Arkadaş sen bu ülkede yaşıyorsan aşı olmak zorundasın. Tabi ki böyle bir zorunluluk yok ama eğer ki insanım diyorsan ve insanlara değer veriyorsan aşı olma zorunluluğun var.

Hı bu arada geçen okudum da inanamadım daha doğrusu inanmak istemedim. Bazı kendini bilmezler aşı randevusu alıp gitmiyormuş, sırf aşı boşa gitsin diye. Yazık günah arkadaş nedir bu düşmanlık. İnsan kendi devletine, milletine bu kadar düşmanca davranır mı?

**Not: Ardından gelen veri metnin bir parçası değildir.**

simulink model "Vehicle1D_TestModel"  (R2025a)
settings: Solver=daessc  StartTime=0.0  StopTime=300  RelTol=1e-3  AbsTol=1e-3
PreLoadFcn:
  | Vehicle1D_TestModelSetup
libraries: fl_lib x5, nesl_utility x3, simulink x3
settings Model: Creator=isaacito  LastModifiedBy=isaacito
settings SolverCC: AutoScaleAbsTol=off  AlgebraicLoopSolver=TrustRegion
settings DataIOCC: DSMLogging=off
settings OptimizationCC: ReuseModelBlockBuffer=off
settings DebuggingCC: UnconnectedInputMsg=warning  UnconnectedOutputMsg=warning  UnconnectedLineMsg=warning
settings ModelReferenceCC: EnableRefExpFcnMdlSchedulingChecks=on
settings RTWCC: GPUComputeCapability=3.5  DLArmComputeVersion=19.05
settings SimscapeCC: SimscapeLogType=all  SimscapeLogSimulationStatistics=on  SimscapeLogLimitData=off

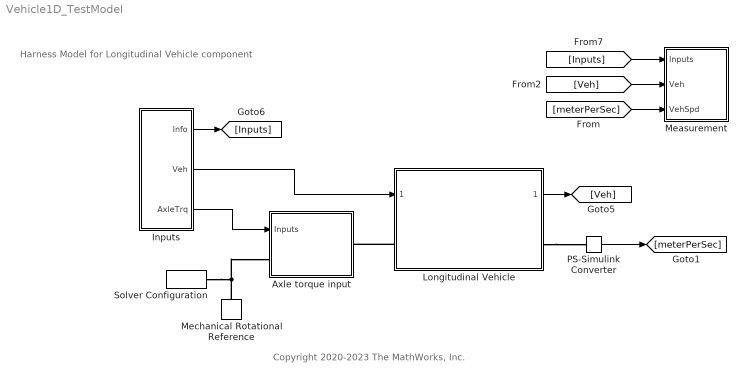
== system Vehicle1D_TestModel ==
  note: Harness Model for Longitudinal Vehicle component
  note: Copyright 2020-2023 The MathWorks, Inc.
  Axle torque input : Subsystem
  Inputs : Subsystem
  Longitudinal Vehicle : Subsystem  ReferencedSubsystem=Vehicle1D_Basic_refsub
      settings: OpenFcn=|
      | % Look under mask:
      | open_system(gcb, "force")
  Measurement : Subsystem
  Mechanical Rotational Reference : fl_lib/Mechanical/Rotational Elements/Mechanical Rotational Reference
  PS-Simulink Converter : nesl_utility/PS-Simulink Converter  PhysicalDomain=network_engine_domain  SubClassName=ps_output  LeftPortType=input  RightPortType=output  PseudoPeriodic=off  Frequencies=[]  VectorFormat=inherit  Unit=m/s  AffineConversion=off
  Solver Configuration : nesl_utility/Solver Configuration  PhysicalDomain=network_engine_domain  SubClassName=solver  LeftPortType=input  RightPortType=generic  Tones=[]  Harmonics=[]  SimulateNoise=off  Profile=off  UseLocalSampling=off  EnableSwitchedLinearOptims=on  FrequencyDomain=off  UseCCode=off  RelTol=0.001  AbsTol=1e-06  MinStep=1e-09  ToWorkspace=off  RevertToSquareIcSolve=off  NumHomotopyIterations=100  PhasorMode=off  PhasorModeNumHarmonics=1  ConsistencySolver=NEWTON_FTOL  IndexReductionMethod=DerivativeReplacement  DoDC=off  ResidualTolerance=1e-09  ConsistencyTolSource=GLOBAL  ConsistencyAbsTol=0.001  ConsistencyRelTol=0.001  ConsistencyTolFactor=0.001  UseLocalSolver=off  LocalSolverChoice=NE_BACKWARD_EULER_ADVANCER  ResolveIndetEquations=on  FunctionEvalNumThread=1  LocalSolverSampleTime=0.001  DoFixedCost=off  MaxNonlinIter=3  MaxModeIter=2  ComputeImpulses=off  ImpulseIterations=2  LinearAlgebra=auto  LinearAlgebraNumThread=0  EquationFormulation=NE_TIME_EF  DelaysMemoryBudget=1024  AutomaticFiltering=on  FilteringTimeConstant=0.001  PartitionStorageMethod=AS_NEEDED  PartitionMemoryBudget=1024  PartitionMethod=ROBUST  MultibodyUseLocalSolver=off  MultibodyLocalSolverChoice=ODE1  MultibodyLocalSolverSampleTime=0.001
      settings: AttributesFormatString=Local solver %<UseLocalSolver>
  wires:
  [Veh] -> Measurement/2(Veh)
  [Inputs] -> Measurement/1(Inputs)
  Longitudinal Vehicle/1 -> [Veh]
  Inputs/2(Veh) -> Longitudinal Vehicle/1
  Inputs/3(AxleTrq) -> Axle torque input/1(Inputs)
  Inputs/1(Info) -> [Inputs]
  PS-Simulink Converter/1 -> [meterPerSec]
  [meterPerSec] -> Measurement/3(VehSpd)
  connections:
  Longitudinal Vehicle/LConn1 -- Axle torque input/RConn1
  Mechanical Rotational Reference/LConn1 -- Axle torque input/LConn1 -- Solver Configuration/RConn1
  Longitudinal Vehicle/RConn1 -- PS-Simulink Converter/LConn1

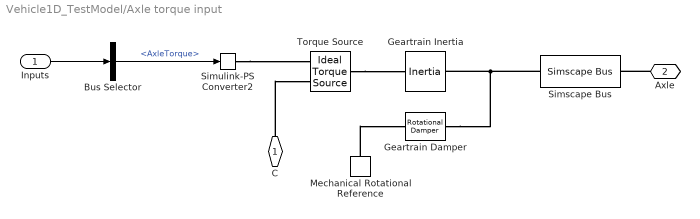
== system Vehicle1D_TestModel/Axle torque input ==
  Inputs : Inport
  Bus Selector : BusSelector  OutputSignals=AxleTorque
  Geartrain Damper : fl_lib/Mechanical/Rotational Elements/Rotational Damper  D=0.001 N*m*s/rad  w_specify=off  w_priority=None  w=0 rad/s  w_nominal_specify=off  w_nominal_value=1  w_nominal_unit=rad/s  t_specify=off  t_priority=None  t=0 N*m  t_nominal_specify=off  t_nominal_value=1  t_nominal_unit=N*m
  Geartrain Inertia : fl_lib/Mechanical/Rotational Elements/Inertia  inertia=1.35 kg*m^2  num_ports=foundation.enum.numPorts2.two  w_specify=on  w_priority=None  w=0 rpm  w_nominal_specify=off  w_nominal_value=1  w_nominal_unit=rad/s  t_specify=off  t_priority=None  t=0 N*m  t_nominal_specify=off  t_nominal_value=1  t_nominal_unit=N*m
      settings: InternalSimscapePortConfiguration="{\"Bottom\":[],\"Left\":[{\"id\":\"I\",\"label\":\"\",\"type\":\"foundation.mechanical.rotational.rotational\"}],\"Right\":[{\"id\":\"J\",\"label\":\"\",\"type\":\"foundation.mechanical.rotational.rotational\"}],\"Top\":[]}"
      settings: AttributesFormatString=|
      | %<inertia>
      | %<inertia_unit>
  Mechanical Rotational Reference : fl_lib/Mechanical/Rotational Elements/Mechanical Rotational Reference
  Simscape Bus : SimscapeBus  HierarchyStrings=AngSpd  ConnectionType=Bus: Bus_Rotational
      settings: AttributesFormatString=%<ConnectionType>
  Simulink-PS Converter2 : nesl_utility/Simulink-PS Converter  PhysicalDomain=network_engine_domain  SubClassName=ps_input  LeftPortType=input  RightPortType=output  PseudoPeriodic=off  Frequencies=[]  NoiseDistribution=none  NoiseParameters=[]  Unit=N*m  AffineConversion=off  FilteringAndDerivatives=filter  SimscapeFilterOrder=1  InputFilterTimeConstant=0.001  UdotUserProvided=0
  Torque Source : fl_lib/Mechanical/Mechanical Sources/Ideal Torque Source
  C : PMIOPort  Side=Left
  Axle : PMIOPort  Port=2  Side=Right
  wires:
  Inputs/1 -> Bus Selector/1
  Bus Selector/1 -> Simulink-PS Converter2/1  "<AxleTorque>"
  connections:
  C/RConn1 -- Torque Source/RConn2
  Simulink-PS Converter2/RConn1 -- Torque Source/RConn1
  Torque Source/LConn1 -- Geartrain Inertia/RConn1
  Simscape Bus/LConn1 -- Geartrain Damper/RConn1 -- Geartrain Inertia/LConn1
  Axle/RConn1 -- Simscape Bus/RConn1
  Mechanical Rotational Reference/LConn1 -- Geartrain Damper/LConn1

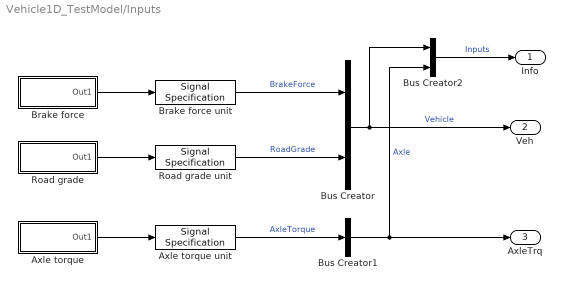
== system Vehicle1D_TestModel/Inputs ==
  Axle torque : Subsystem  mask(Continuous Multi-Step Signal){dataPoints=[0 10 0;30 100 400;140 200 900], deltaT=0.5}
      mask prompts: dataPoints "Data points"; deltaT "Interpolation step [s]"
      mask help:
      | This block generates a signal consisting of smoothly connected flat segments. Data points parameter takes an N-by-3 matrix where each row specifies a flat segment. First column and second column define start and end time of the segment, respectively. Third column defines the value of the segment. Second column can also be NaN to define a point value. Flat segments and point values are smoothly interpolated by Akima spline with the specified interpolation step.
      |
      | For example, a matrix [0 1 5; 3 nan 9; 6 8 7] for Data points defines a signal as follows. First row defines a flat segment from t=0 to t=1 of value 5. Second row defines a point at t=3 of value 9. Third row defines a flat segment from t=6 to t=8 of value 7.
      mask init:
      | sig = SignalDesigner("ContinuousMultiStep");
      | 
      | % Initialization function can access parameter names directly
      | sig.XYData = dataPoints;
      | sig.DeltaX = deltaT;
      | 
      | update(sig)
      | 
      | SignalSourceBlockCallback.setDataToLookupTableBlock( ...
      |   SignalObject = sig, ...
      |   PathToBlock = [gcb '/1-D Lookup Table']);
      mask DialogControl Control3 Prompt: horizontal spacer 1
      mask DialogControl Control4 Prompt: horizontal spacer 2
      mask DialogControl Control5 Prompt: horizontal spacer 3
      mask DialogControl PlotButton Prompt: Plot
      mask DialogControl PlotButton Callback: SignalSourceBlockCallback.plotContinuousMultiStep(gcb);
      mask Display: disp("Continuous" + newline + "Multi-Step")
  Axle torque unit : SignalSpecification  Unit=N*m
  Brake force : Subsystem  mask(Continuous Multi-Step Signal){dataPoints=[0 1 0], deltaT=0.5}
      mask prompts: dataPoints "Data points"; deltaT "Interpolation step [s]"
      mask help:
      | This block generates a signal consisting of smoothly connected flat segments. Data points parameter takes an N-by-3 matrix where each row specifies a flat segment. First column and second column define start and end time of the segment, respectively. Third column defines the value of the segment. Second column can also be NaN to define a point value. Flat segments and point values are smoothly interpolated by Akima spline with the specified interpolation step.
      |
      | For example, a matrix [0 1 5; 3 nan 9; 6 8 7] for Data points defines a signal as follows. First row defines a flat segment from t=0 to t=1 of value 5. Second row defines a point at t=3 of value 9. Third row defines a flat segment from t=6 to t=8 of value 7.
      mask init: same as Vehicle1D_TestModel/Inputs/Axle torque
      mask DialogControl Control3 Prompt: horizontal spacer 1
      mask DialogControl Control4 Prompt: horizontal spacer 2
      mask DialogControl Control5 Prompt: horizontal spacer 3
      mask DialogControl PlotButton Prompt: Plot
      mask DialogControl PlotButton Callback: SignalSourceBlockCallback.plotContinuousMultiStep(gcb);
      mask Display: disp("Continuous" + newline + "Multi-Step")
  Brake force unit : SignalSpecification  Unit=N
  Bus Creator : BusCreator  Inputs=2
  Bus Creator1 : BusCreator  Inputs=1
  Bus Creator2 : BusCreator  Inputs=2
  Road grade : Subsystem  mask(Continuous Multi-Step Signal){dataPoints=[0 1 0], deltaT=0.5}
      mask prompts: dataPoints "Data points"; deltaT "Interpolation step [s]"
      mask help:
      | This block generates a signal consisting of smoothly connected flat segments. Data points parameter takes an N-by-3 matrix where each row specifies a flat segment. First column and second column define start and end time of the segment, respectively. Third column defines the value of the segment. Second column can also be NaN to define a point value. Flat segments and point values are smoothly interpolated by Akima spline with the specified interpolation step.
      |
      | For example, a matrix [0 1 5; 3 nan 9; 6 8 7] for Data points defines a signal as follows. First row defines a flat segment from t=0 to t=1 of value 5. Second row defines a point at t=3 of value 9. Third row defines a flat segment from t=6 to t=8 of value 7.
      mask init: same as Vehicle1D_TestModel/Inputs/Axle torque
      mask DialogControl Control3 Prompt: horizontal spacer 1
      mask DialogControl Control4 Prompt: horizontal spacer 2
      mask DialogControl Control5 Prompt: horizontal spacer 3
      mask DialogControl PlotButton Prompt: Plot
      mask DialogControl PlotButton Callback: SignalSourceBlockCallback.plotContinuousMultiStep(gcb);
      mask Display: disp("Continuous" + newline + "Multi-Step")
  Road grade unit : SignalSpecification  Unit=%
  Info : Outport
  Veh : Outport  Port=2
  AxleTrq : Outport  Port=3  Unit=N*m
  wires:
  Brake force/1(Out1) -> Brake force unit/1
  Road grade/1(Out1) -> Road grade unit/1
  Bus Creator/1 -> Bus Creator2/1, Veh/1  "Vehicle"
  Axle torque/1(Out1) -> Axle torque unit/1
  Brake force unit/1 -> Bus Creator/1  "BrakeForce"
  Road grade unit/1 -> Bus Creator/2  "RoadGrade"
  Axle torque unit/1 -> Bus Creator1/1  "AxleTorque"
  Bus Creator1/1 -> Bus Creator2/2, AxleTrq/1  "Axle"
  Bus Creator2/1 -> Info/1  "Inputs"

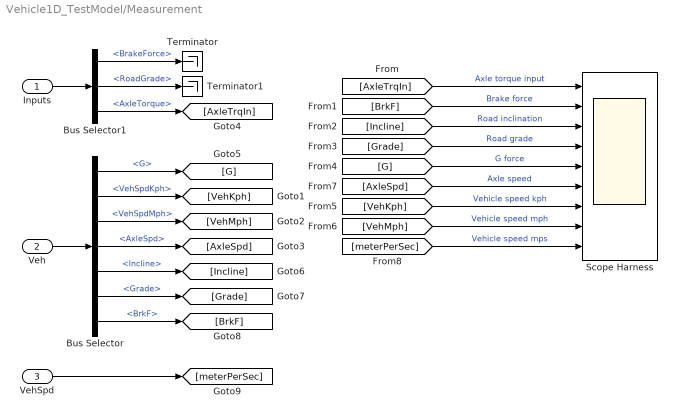
== system Vehicle1D_TestModel/Measurement ==
  Inputs : Inport
  Veh : Inport  Port=2
  VehSpd : Inport  Port=3  Unit=m/s
  Bus Selector : BusSelector  OutputSignals=G,VehSpdKph,VehSpdMph,AxleSpd,Incline,Grade,BrkF
  Bus Selector1 : BusSelector  OutputSignals=Vehicle.BrakeForce,Vehicle.RoadGrade,Axle.AxleTorque
  Scope Harness : Scope  NumInputPorts=9
      settings: ActiveDisplayYMinimum=-112.5  ActiveDisplayYMaximum=1012.5
  Terminator : Terminator
  Terminator1 : Terminator
  wires:
  Veh/1 -> Bus Selector/1
  Bus Selector/1 -> [G]  "<G>"
  Bus Selector/2 -> [VehKph]  "<VehSpdKph>"
  Bus Selector/3 -> [VehMph]  "<VehSpdMph>"
  Bus Selector/4 -> [AxleSpd]  "<AxleSpd>"
  Bus Selector/5 -> [Incline]  "<Incline>"
  Bus Selector/6 -> [Grade]  "<Grade>"
  Bus Selector/7 -> [BrkF]  "<BrkF>"
  [Grade] -> Scope Harness/4  "Road grade"
  [Incline] -> Scope Harness/3  "Road inclination"
  [G] -> Scope Harness/5  "G force"
  [BrkF] -> Scope Harness/2  "Brake force"
  [AxleTrqIn] -> Scope Harness/1  "Axle torque input"
  Inputs/1 -> Bus Selector1/1
  Bus Selector1/1 -> Terminator/1  "<BrakeForce>"
  Bus Selector1/2 -> Terminator1/1  "<RoadGrade>"
  Bus Selector1/3 -> [AxleTrqIn]  "<AxleTorque>"
  VehSpd/1 -> [meterPerSec]
  [AxleSpd] -> Scope Harness/6  "Axle speed"
  [VehKph] -> Scope Harness/7  "Vehicle speed kph"
  [VehMph] -> Scope Harness/8  "Vehicle speed mph"
  [meterPerSec] -> Scope Harness/9  "Vehicle speed mps"

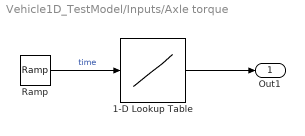
== system Vehicle1D_TestModel/Inputs/Axle torque ==
  1-D Lookup Table : Lookup_n-D  NumberOfTableDimensions=1  BreakpointsForDimension1="[0            10          10.5            11          11.5            12          12.5            13          13.5            14          14.5            15          15.5            16          16.5            17          17.5            18          18.5            19          19.5            20          20.5            21          21.5            22          22.5            23          23.5            24          24.5            25          25.5            26          26.5            27          27.5            28          28.5            29          29.5            30           100         100.5           101         101.5           102         102.5           103         103.5           104         104.5           105         105.5           106         106.5           107         107.5           108         108.5           109         109.5           110         110.5           111         111.5           112         112.5           113         113.5           114         114.5           115         115.5           116         116.5           117         117.5           118         118.5           119         119.5           120         120.5           121         121.5           122         122.5           123         123.5           124         124.5           125         125.5           126         126.5           127         127.5           128         128.5           129         129.5           130         130.5           131         131.5           132         132.5           133         133.5           134         134.5           135         135.5           136         136.5           137         137.5           138         138.5           139         139.5           140           200]"  Table="[0             0        0.7375           2.9        6.4125          11.2       17.1875          24.3       32.4625          41.6       51.6375          62.5       74.1125          86.4       99.2875         112.7      126.5625         140.8      155.3375         170.1      185.0125           200      214.9875         229.9      244.6625         259.2      273.4375         287.3      300.7125         313.6      325.8875         337.5      348.3625         358.4      367.5375         375.7      382.8125         388.8      393.5875         397.1      399.2625           400           400      400.2324      400.9219      402.0566       403.625      405.6152      408.0156      410.8145           414      417.5605      421.4844      425.7598       430.375      435.3184      440.5781      446.1426           452      458.1387      464.5469      471.2129       478.125      485.2715      492.6406      500.2207           508      515.9668      524.1094       532.416       540.875      549.4746      558.2031      567.0488           576      585.0449      594.1719      603.3691       612.625      621.9277      631.2656       640.627           650       659.373      668.7344      678.0723       687.375      696.6309      705.8281      714.9551           724      732.9512      741.7969      750.5254       759.125       767.584      775.8906      784.0332           792      799.7793      807.3594      814.7285       821.875      828.7871      835.4531      841.8613           848      853.8574      859.4219      864.6816       869.625      874.2402      878.5156      882.4395           886      889.1855      891.9844      894.3848       896.375      897.9434      899.0781      899.7676           900           900]"  InternalRulePriority=Speed  RndMeth=Simplest
  Ramp : simulink/Sources/Ramp  slope=1  start=0  InitialOutput=0
      settings: AttributesFormatString=|
      | Slope: %<slope>
      | Start time: %<start>
      | Initial output: %<InitialOutput>
  Out1 : Outport
  wires:
  Ramp/1 -> 1-D Lookup Table/1  "time"
  1-D Lookup Table/1 -> Out1/1

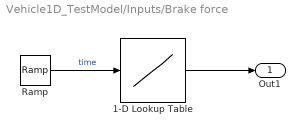
== system Vehicle1D_TestModel/Inputs/Brake force ==
  1-D Lookup Table : Lookup_n-D  NumberOfTableDimensions=1  BreakpointsForDimension1="[0  1]"  Table="[0  0]"  InternalRulePriority=Speed  RndMeth=Simplest
  Ramp : simulink/Sources/Ramp  slope=1  start=0  InitialOutput=0
      settings: AttributesFormatString=|
      | Slope: %<slope>
      | Start time: %<start>
      | Initial output: %<InitialOutput>
  Out1 : Outport
  wires:
  Ramp/1 -> 1-D Lookup Table/1  "time"
  1-D Lookup Table/1 -> Out1/1

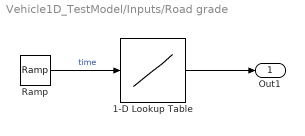
== system Vehicle1D_TestModel/Inputs/Road grade ==
  1-D Lookup Table : Lookup_n-D  NumberOfTableDimensions=1  BreakpointsForDimension1="[0  1]"  Table="[0  0]"  InternalRulePriority=Speed  RndMeth=Simplest
  Ramp : simulink/Sources/Ramp  slope=1  start=0  InitialOutput=0
      settings: AttributesFormatString=|
      | Slope: %<slope>
      | Start time: %<start>
      | Initial output: %<InitialOutput>
  Out1 : Outport
  wires:
  Ramp/1 -> 1-D Lookup Table/1  "time"
  1-D Lookup Table/1 -> Out1/1

Gelin hep birlikte şu illeti yenelim. Sevdiklerimize bir şey olmasına izin vermeyelim.

Bu hastalıktan korunmanın tek yolu aşı ve aşı olmazsan yarın bir gün senin de sevdiklerine bir şey olur ve hayatının en büyük hatasıyla karşı karşıya kalırsın.

Düşmanlığı bırak kendine gel!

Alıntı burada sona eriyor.